Does anyone know where to buy eggcrate? I know eBay, but do BnQ or Wickes something like that sell it?


----------



## Jim2109 (Mar 30, 2009)

egg crate as in the square plastic mesh used in fish tanks? or egg crate as in cardboard egg trays that eggs sit in?

if you want the plastic mesh stuff then your local aquatics shop will have some. its not particularly cheap stuff though. i doubt youll find it at a DIY store, although you might find an alternative solution if you look at what they have there (is this for making a false floor in your viv?)

if you want egg trays then try your local butchers. theyve usually got dozens of them sat around and often give them away for free.


----------



## buddah (Dec 23, 2009)

b&q and places like that dont have it spent ages looking for it , i got mine of my mate hes an air con engineer.


----------



## jamesthornton (Nov 24, 2008)

Yeah, the plastic stuff. It's for a false bottom. I found some on ebay - 600mm2 sheet, £13.50 inc delivery. Do you think I'll find it any cheaper or not?


----------



## Jim2109 (Mar 30, 2009)

jamesthornton said:


> Yeah, the plastic stuff. It's for a false bottom. I found some on ebay - 600mm2 sheet, £13.50 inc delivery. Do you think I'll find it any cheaper or not?

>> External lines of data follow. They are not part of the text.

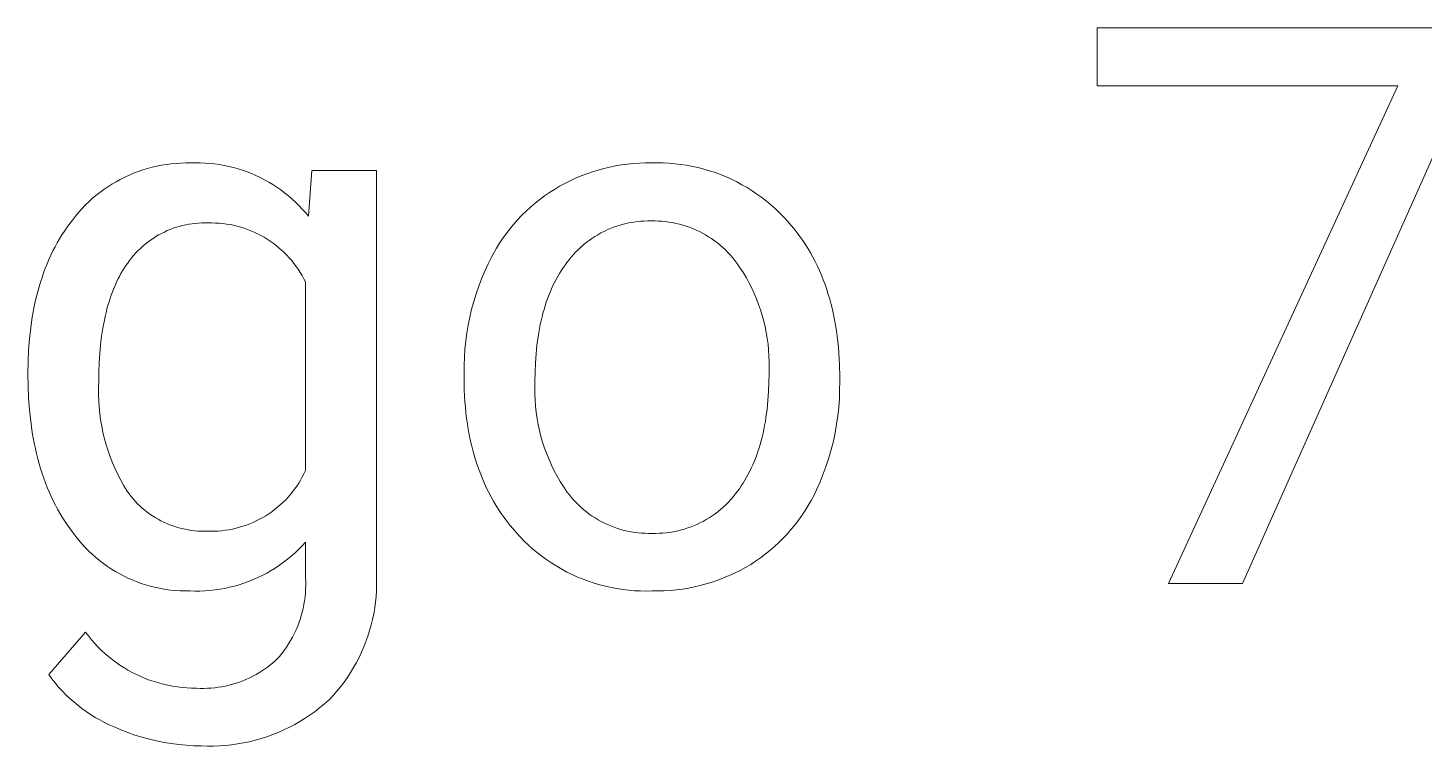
# Model space of a CAD drawing. Header units: millimetres. Extents: x 578 to 4608, y -138 to 2677.
# Drawn here: x 3535.8 to 3631.8, y 169 to 218.3 of the extents above; entities that cross this region are included whole.
import ezdxf

# ---------------------------------------------------------------- set-up
doc = ezdxf.new("R2010")
doc.units = ezdxf.units.MM
doc.header["$MEASUREMENT"] = 0
doc.layers.add('Domyślny', color=7, linetype='Continuous', true_color=0x000000)

msp = doc.modelspace()

# ---------------------------------------------------------------- linework, layer by layer
at = {"layer": 'Domyślny', "color": 18, "lineweight": 15, "true_color": 0x000000}
for p, q in [((3609.351, 214.349), (3609.351, 218.335)), ((3609.351, 218.335), (3635.145, 218.335)), ((3635.145, 215.61), (3619.336, 180.166)), ((3630.005, 214.349), (3609.351, 214.349)), ((3614.249, 180.166), (3630.005, 214.349)), ((3542.787, 208.222), (3543.096, 208.352)), ((3543.096, 208.352), (3543.409, 208.471)), ((3543.409, 208.471), (3543.726, 208.579)), ((3543.726, 208.579), (3544.046, 208.677)), ((3544.046, 208.677), (3544.369, 208.764)), ((3544.369, 208.764), (3544.695, 208.84)), ((3544.695, 208.84), (3545.024, 208.904)), ((3545.024, 208.904), (3545.355, 208.958)), ((3545.355, 208.958), (3545.687, 209)), ((3545.687, 209), (3546.02, 209.031)), ((3546.02, 209.031), (3546.355, 209.051)), ((3546.355, 209.051), (3546.689, 209.059)), ((3546.689, 209.059), (3547.024, 209.056)), ((3547.024, 209.056), (3547.353, 209.065)), ((3547.353, 209.065), (3547.683, 209.064)), ((3547.683, 209.064), (3548.012, 209.052)), ((3548.012, 209.052), (3548.34, 209.028)), ((3548.34, 209.028), (3548.668, 208.994)), ((3548.668, 208.994), (3548.994, 208.948)), ((3548.994, 208.948), (3549.318, 208.892)), ((3549.318, 208.892), (3549.641, 208.824)), ((3549.641, 208.824), (3549.961, 208.746)), ((3549.961, 208.746), (3550.278, 208.657)), ((3550.278, 208.657), (3550.592, 208.558)), ((3550.592, 208.558), (3550.902, 208.448)), ((3550.902, 208.448), (3551.209, 208.327)), ((3551.209, 208.327), (3551.511, 208.196)), ((3555.117, 205.392), (3555.358, 208.532)), ((3555.358, 208.532), (3559.787, 208.532)), ((3559.787, 208.532), (3559.787, 180.859)), ((3573.867, 208.167), (3574.251, 208.314)), ((3574.251, 208.314), (3574.64, 208.448)), ((3574.64, 208.448), (3575.033, 208.57)), ((3575.033, 208.57), (3575.43, 208.678)), ((3575.43, 208.678), (3575.83, 208.772)), ((3575.83, 208.772), (3576.233, 208.854)), ((3576.233, 208.854), (3576.639, 208.921)), ((3576.639, 208.921), (3577.047, 208.976)), ((3577.047, 208.976), (3577.456, 209.016)), ((3577.456, 209.016), (3577.866, 209.043)), ((3577.866, 209.043), (3578.277, 209.056)), ((3578.277, 209.056), (3578.689, 209.056)), ((3578.689, 209.056), (3579.094, 209.064)), ((3579.094, 209.064), (3579.499, 209.058)), ((3579.499, 209.058), (3579.904, 209.039)), ((3579.904, 209.039), (3580.309, 209.005)), ((3580.309, 209.005), (3580.711, 208.959)), ((3580.711, 208.959), (3581.112, 208.898)), ((3581.112, 208.898), (3581.511, 208.824)), ((3581.511, 208.824), (3581.907, 208.737)), ((3581.907, 208.737), (3582.299, 208.636)), ((3582.299, 208.636), (3582.688, 208.521)), ((3582.688, 208.521), (3583.073, 208.394)), ((3583.073, 208.394), (3583.454, 208.254)), ((3541.043, 207.23), (3541.319, 207.42)), ((3541.319, 207.42), (3541.602, 207.6)), ((3541.602, 207.6), (3541.89, 207.77)), ((3541.89, 207.77), (3542.184, 207.931)), ((3542.184, 207.931), (3542.483, 208.081)), ((3542.483, 208.081), (3542.787, 208.222)), ((3551.511, 208.196), (3551.808, 208.055)), ((3551.808, 208.055), (3552.101, 207.905)), ((3552.101, 207.905), (3552.389, 207.744)), ((3552.389, 207.744), (3552.671, 207.574)), ((3552.671, 207.574), (3552.947, 207.394)), ((3552.947, 207.394), (3553.217, 207.205)), ((3572.032, 207.244), (3572.386, 207.453)), ((3572.386, 207.453), (3572.747, 207.65)), ((3572.747, 207.65), (3573.115, 207.835)), ((3573.115, 207.835), (3573.488, 208.007)), ((3573.488, 208.007), (3573.867, 208.167)), ((3583.454, 208.254), (3583.829, 208.101)), ((3583.829, 208.101), (3584.199, 207.935)), ((3584.199, 207.935), (3584.563, 207.757)), ((3584.563, 207.757), (3584.921, 207.566)), ((3584.921, 207.566), (3585.272, 207.364)), ((3585.272, 207.364), (3585.617, 207.15)), ((3539.768, 206.148), (3540.008, 206.382)), ((3540.008, 206.382), (3540.256, 206.607)), ((3540.256, 206.607), (3540.511, 206.824)), ((3540.511, 206.824), (3540.774, 207.032)), ((3540.774, 207.032), (3541.043, 207.23)), ((3553.217, 207.205), (3553.48, 207.008)), ((3553.48, 207.008), (3553.736, 206.801)), ((3553.736, 206.801), (3553.986, 206.586)), ((3553.986, 206.586), (3554.228, 206.363)), ((3570.701, 206.291), (3571.022, 206.546)), ((3571.022, 206.546), (3571.35, 206.79)), ((3571.35, 206.79), (3571.687, 207.023)), ((3571.687, 207.023), (3572.032, 207.244)), ((3585.617, 207.15), (3585.953, 206.924)), ((3585.953, 206.924), (3586.282, 206.687)), ((3586.282, 206.687), (3586.603, 206.438)), ((3586.603, 206.438), (3586.915, 206.18)), ((3539.098, 205.401), (3539.313, 205.657)), ((3539.313, 205.657), (3539.536, 205.907)), ((3539.536, 205.907), (3539.768, 206.148)), ((3554.228, 206.363), (3554.462, 206.131)), ((3554.462, 206.131), (3554.689, 205.892)), ((3554.689, 205.892), (3554.907, 205.646)), ((3554.907, 205.646), (3555.117, 205.392)), ((3569.513, 205.166), (3569.795, 205.463)), ((3569.795, 205.463), (3570.088, 205.749)), ((3570.088, 205.749), (3570.39, 206.025)), ((3570.39, 206.025), (3570.701, 206.291)), ((3586.915, 206.18), (3587.218, 205.91)), ((3587.218, 205.91), (3587.511, 205.631)), ((3587.511, 205.631), (3587.796, 205.342)), ((3538.344, 204.381), (3538.521, 204.638)), ((3538.521, 204.638), (3538.703, 204.89)), ((3538.703, 204.89), (3538.891, 205.137)), ((3538.891, 205.137), (3539.098, 205.401)), ((3545.619, 204.491), (3545.413, 204.406)), ((3545.827, 204.569), (3545.619, 204.491)), ((3546.038, 204.64), (3545.827, 204.569)), ((3546.251, 204.703), (3546.038, 204.64)), ((3546.467, 204.759), (3546.251, 204.703)), ((3546.684, 204.808), (3546.467, 204.759)), ((3546.902, 204.849), (3546.684, 204.808)), ((3547.122, 204.882), (3546.902, 204.849)), ((3547.343, 204.908), (3547.122, 204.882)), ((3547.565, 204.926), (3547.343, 204.908)), ((3547.787, 204.937), (3547.565, 204.926)), ((3548.01, 204.94), (3547.787, 204.937)), ((3548.232, 204.936), (3548.01, 204.94)), ((3548.482, 204.938), (3548.232, 204.936)), ((3548.733, 204.932), (3548.482, 204.938)), ((3548.983, 204.918), (3548.733, 204.932)), ((3549.232, 204.894), (3548.983, 204.918)), ((3549.48, 204.862), (3549.232, 204.894)), ((3549.727, 204.822), (3549.48, 204.862)), ((3549.973, 204.773), (3549.727, 204.822)), ((3550.216, 204.715), (3549.973, 204.773)), ((3550.458, 204.649), (3550.216, 204.715)), ((3550.697, 204.574), (3550.458, 204.649)), ((3550.933, 204.492), (3550.697, 204.574)), ((3551.166, 204.401), (3550.933, 204.492)), ((3568.728, 204.222), (3568.979, 204.545)), ((3568.979, 204.545), (3569.241, 204.86)), ((3569.241, 204.86), (3569.513, 205.166)), ((3575.654, 204.46), (3575.437, 204.357)), ((3575.874, 204.554), (3575.654, 204.46)), ((3576.098, 204.642), (3575.874, 204.554)), ((3576.325, 204.721), (3576.098, 204.642)), ((3576.554, 204.792), (3576.325, 204.721)), ((3576.786, 204.856), (3576.554, 204.792)), ((3577.019, 204.911), (3576.786, 204.856)), ((3577.255, 204.959), (3577.019, 204.911)), ((3577.492, 204.998), (3577.255, 204.959)), ((3577.73, 205.029), (3577.492, 204.998)), ((3577.969, 205.052), (3577.73, 205.029)), ((3578.209, 205.066), (3577.969, 205.052)), ((3578.449, 205.072), (3578.209, 205.066)), ((3578.689, 205.07), (3578.449, 205.072)), ((3578.933, 205.072), (3578.689, 205.07)), ((3579.176, 205.066), (3578.933, 205.072)), ((3579.42, 205.051), (3579.176, 205.066)), ((3579.663, 205.028), (3579.42, 205.051)), ((3579.905, 204.997), (3579.663, 205.028)), ((3580.145, 204.957), (3579.905, 204.997)), ((3580.384, 204.909), (3580.145, 204.957)), ((3580.622, 204.853), (3580.384, 204.909)), ((3580.857, 204.789), (3580.622, 204.853)), ((3581.09, 204.716), (3580.857, 204.789)), ((3581.32, 204.636), (3581.09, 204.716)), ((3581.547, 204.547), (3581.32, 204.636)), ((3581.772, 204.451), (3581.547, 204.547)), ((3581.992, 204.347), (3581.772, 204.451)), ((3587.796, 205.342), (3588.07, 205.043)), ((3588.07, 205.043), (3588.29, 204.79)), ((3588.29, 204.79), (3588.503, 204.532)), ((3588.503, 204.532), (3588.71, 204.268)), ((3537.699, 203.297), (3537.851, 203.576)), ((3537.851, 203.576), (3538.01, 203.85)), ((3538.01, 203.85), (3538.174, 204.118)), ((3538.174, 204.118), (3538.344, 204.381)), ((3544.072, 203.621), (3543.897, 203.484)), ((3544.252, 203.753), (3544.072, 203.621)), ((3544.435, 203.878), (3544.252, 203.753)), ((3544.623, 203.997), (3544.435, 203.878)), ((3544.816, 204.109), (3544.623, 203.997)), ((3545.011, 204.215), (3544.816, 204.109)), ((3545.211, 204.314), (3545.011, 204.215)), ((3545.413, 204.406), (3545.211, 204.314)), ((3551.396, 204.302), (3551.166, 204.401)), ((3551.623, 204.195), (3551.396, 204.302)), ((3551.845, 204.08), (3551.623, 204.195)), ((3552.064, 203.958), (3551.845, 204.08)), ((3552.278, 203.828), (3552.064, 203.958)), ((3552.487, 203.691), (3552.278, 203.828)), ((3552.692, 203.547), (3552.487, 203.691)), ((3552.891, 203.395), (3552.692, 203.547)), ((3568.045, 203.202), (3568.261, 203.549)), ((3568.261, 203.549), (3568.489, 203.89)), ((3568.489, 203.89), (3568.728, 204.222)), ((3574.219, 203.591), (3574.033, 203.439)), ((3574.411, 203.736), (3574.219, 203.591)), ((3574.607, 203.874), (3574.411, 203.736)), ((3574.808, 204.006), (3574.607, 203.874)), ((3575.013, 204.13), (3574.808, 204.006)), ((3575.223, 204.247), (3575.013, 204.13)), ((3575.437, 204.357), (3575.223, 204.247)), ((3582.209, 204.236), (3581.992, 204.347)), ((3582.422, 204.117), (3582.209, 204.236)), ((3582.631, 203.991), (3582.422, 204.117)), ((3582.835, 203.858), (3582.631, 203.991)), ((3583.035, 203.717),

probably not. if you buy it in an aquatics shop id reckon on it costing quite a bit more than that.


----------



## Caz (May 24, 2007)

Koi/fish/aquatics shop.
Marine fish shop.
Marine fish web site shop or forum. :2thumb:


----------



## jamesthornton (Nov 24, 2008)

Hey, thanks for suggestions guys.

I bought 2 sheets off eBay. £27. inc delivery. Kinda steep, but hopefully it will be more than enough.


----------